§ Work instructions:
Across the following data, how many lines include the string "ezdxf"? Reply with the number and nothing more.

Collection entries
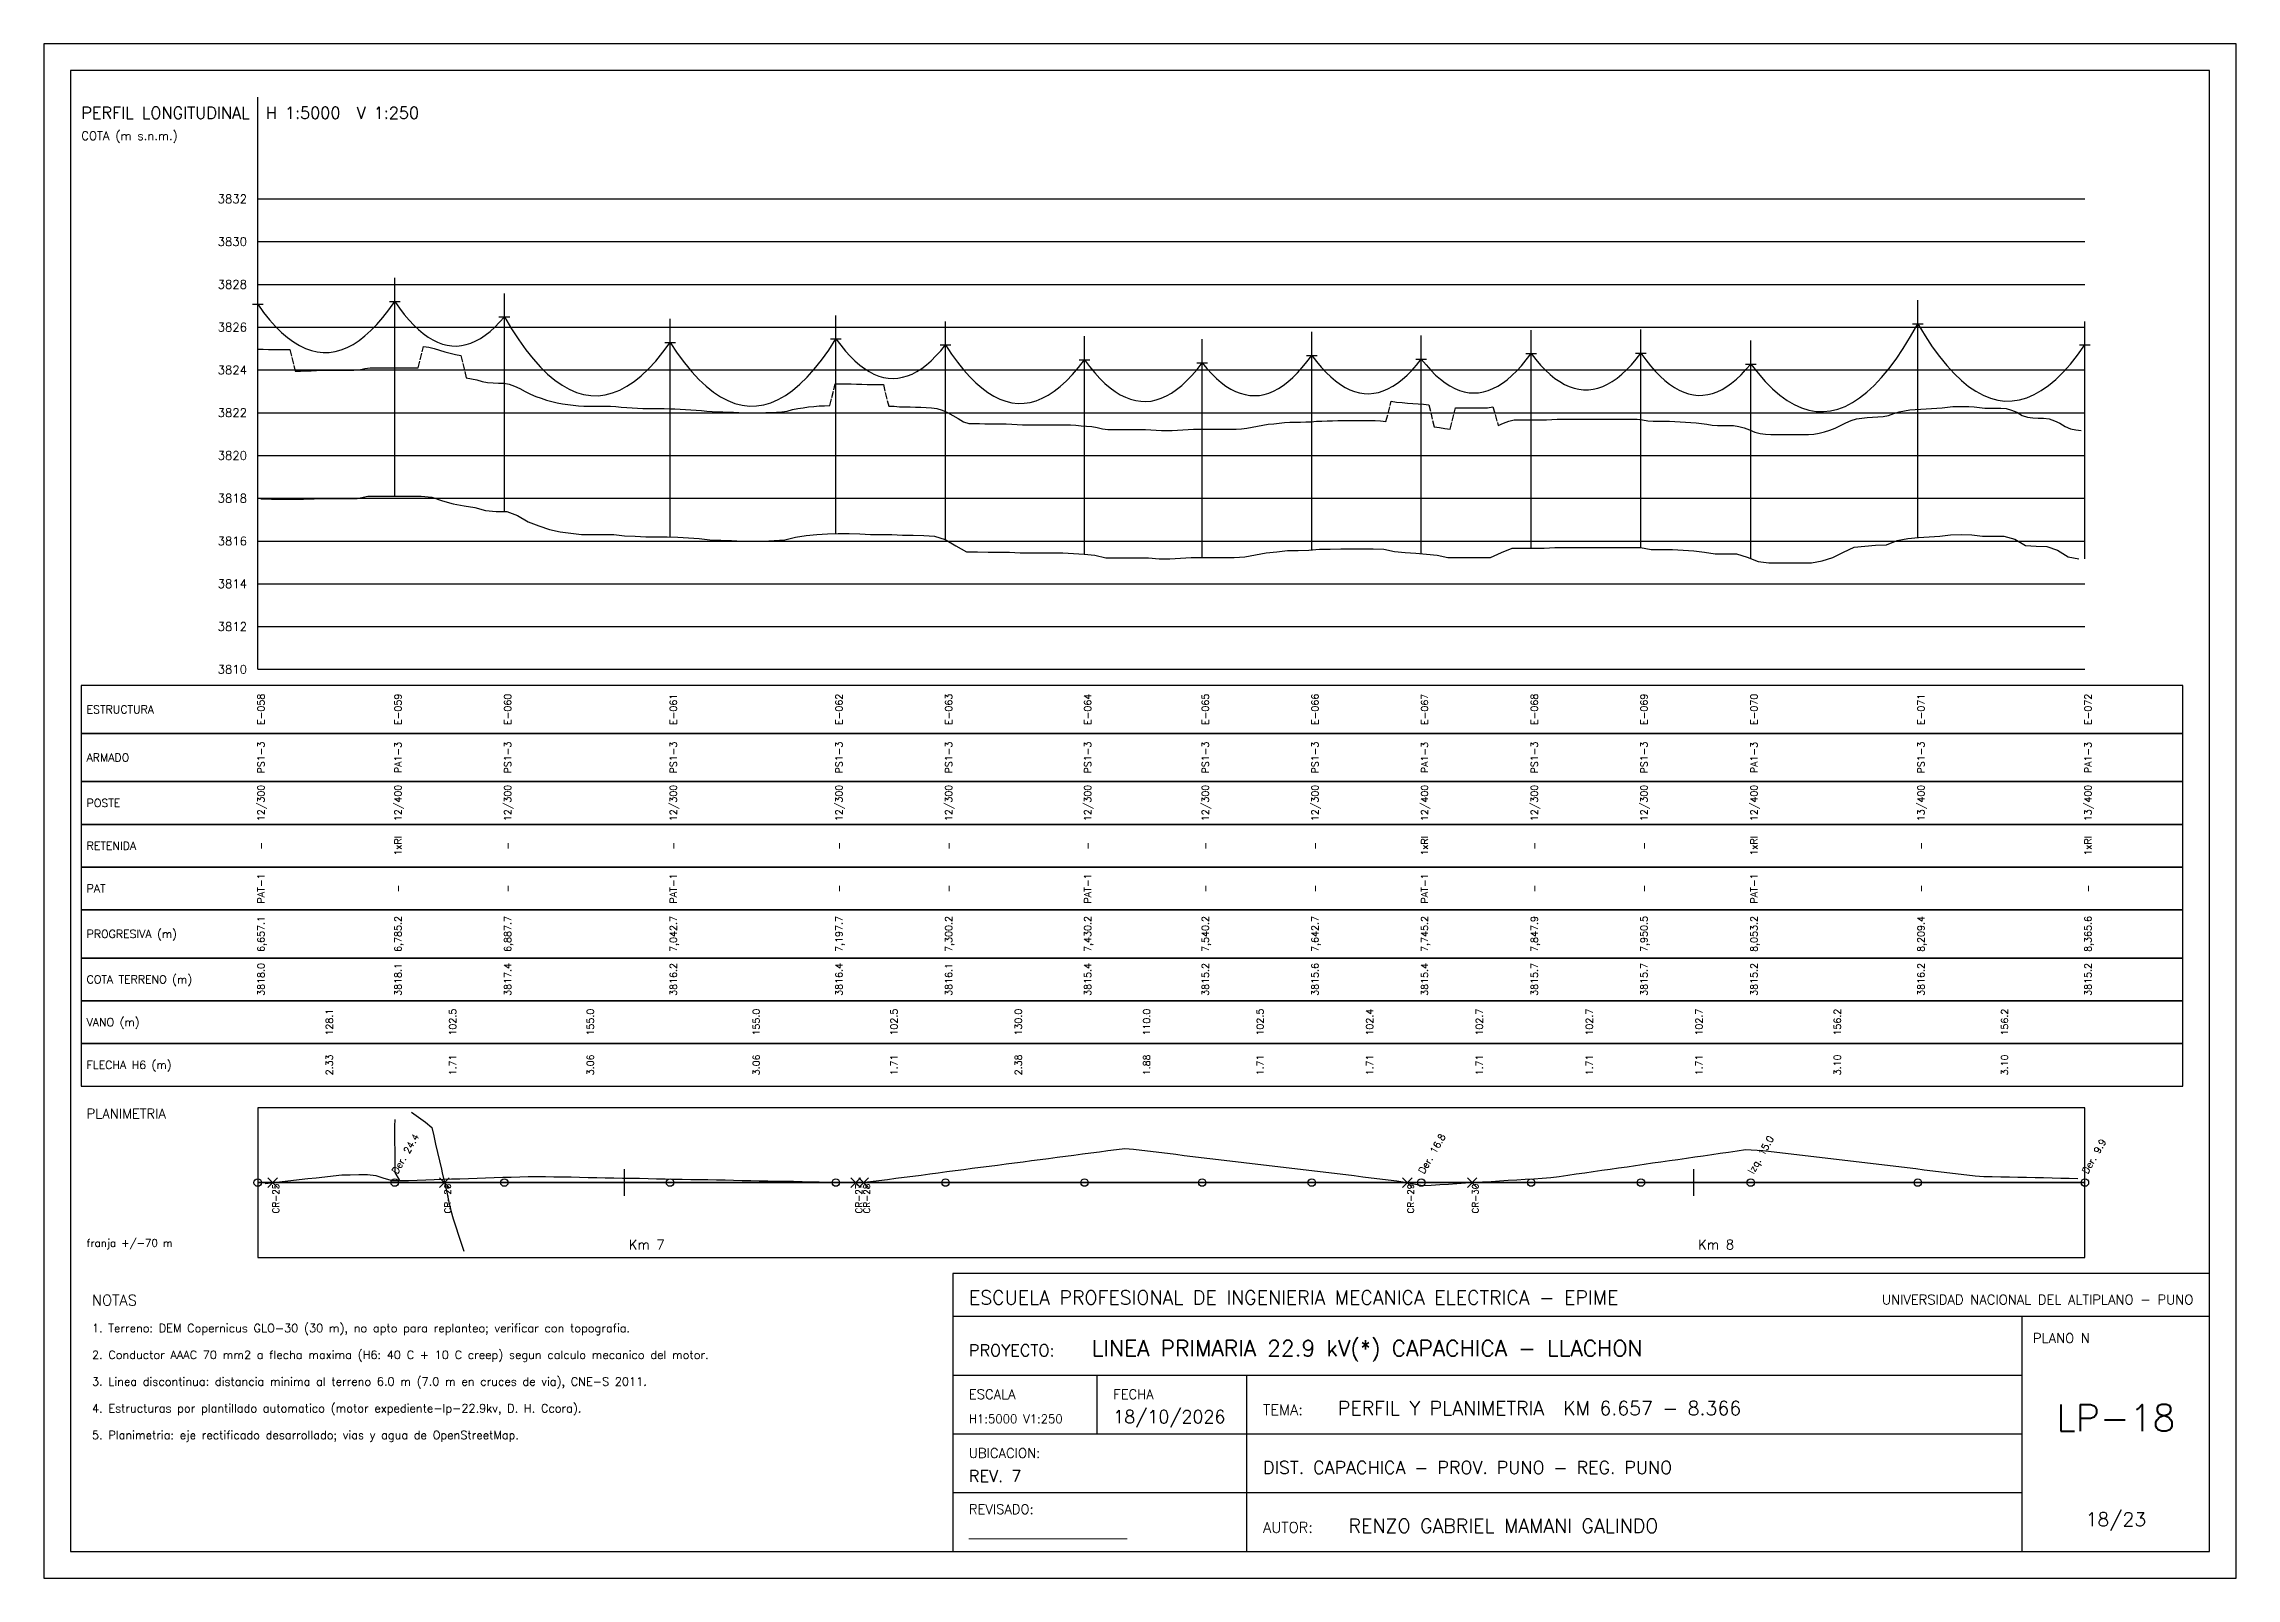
# Paper-space layout 'LP-18' of a CAD drawing. Header units: metres, sheet in millimetres. Extents: x 5 to 415, y 5 to 292.
import ezdxf
from ezdxf.enums import TextEntityAlignment as Align

# ---------------------------------------------------------------- set-up
doc = ezdxf.new("R2010")
doc.units = ezdxf.units.M
doc.linetypes.add('DASHED', pattern=[1.524, 1.27, -0.254])
for name, color, linetype in [('AGUA', 5, 'Continuous'), ('CRUCES', 30, 'Continuous'), ('MARCO', 7, 'Continuous'), ('PP_CONDUCTOR', 5, 'Continuous'), ('PP_DIST_SEGURIDAD', 6, 'DASHED'), ('PP_GRILLA', 8, 'Continuous'), ('PP_POSTE', 1, 'Continuous'), ('PP_TABLA', 8, 'Continuous'), ('PP_TERRENO', 34, 'Continuous'), ('PP_TEXTO', 7, 'Continuous'), ('ROTULO', 7, 'Continuous'), ('RP_CONDUCTOR', 5, 'Continuous'), ('RP_POSTE', 1, 'Continuous'), ('VIAS', 8, 'Continuous')]:
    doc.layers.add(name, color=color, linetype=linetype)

§ Problem solution:
4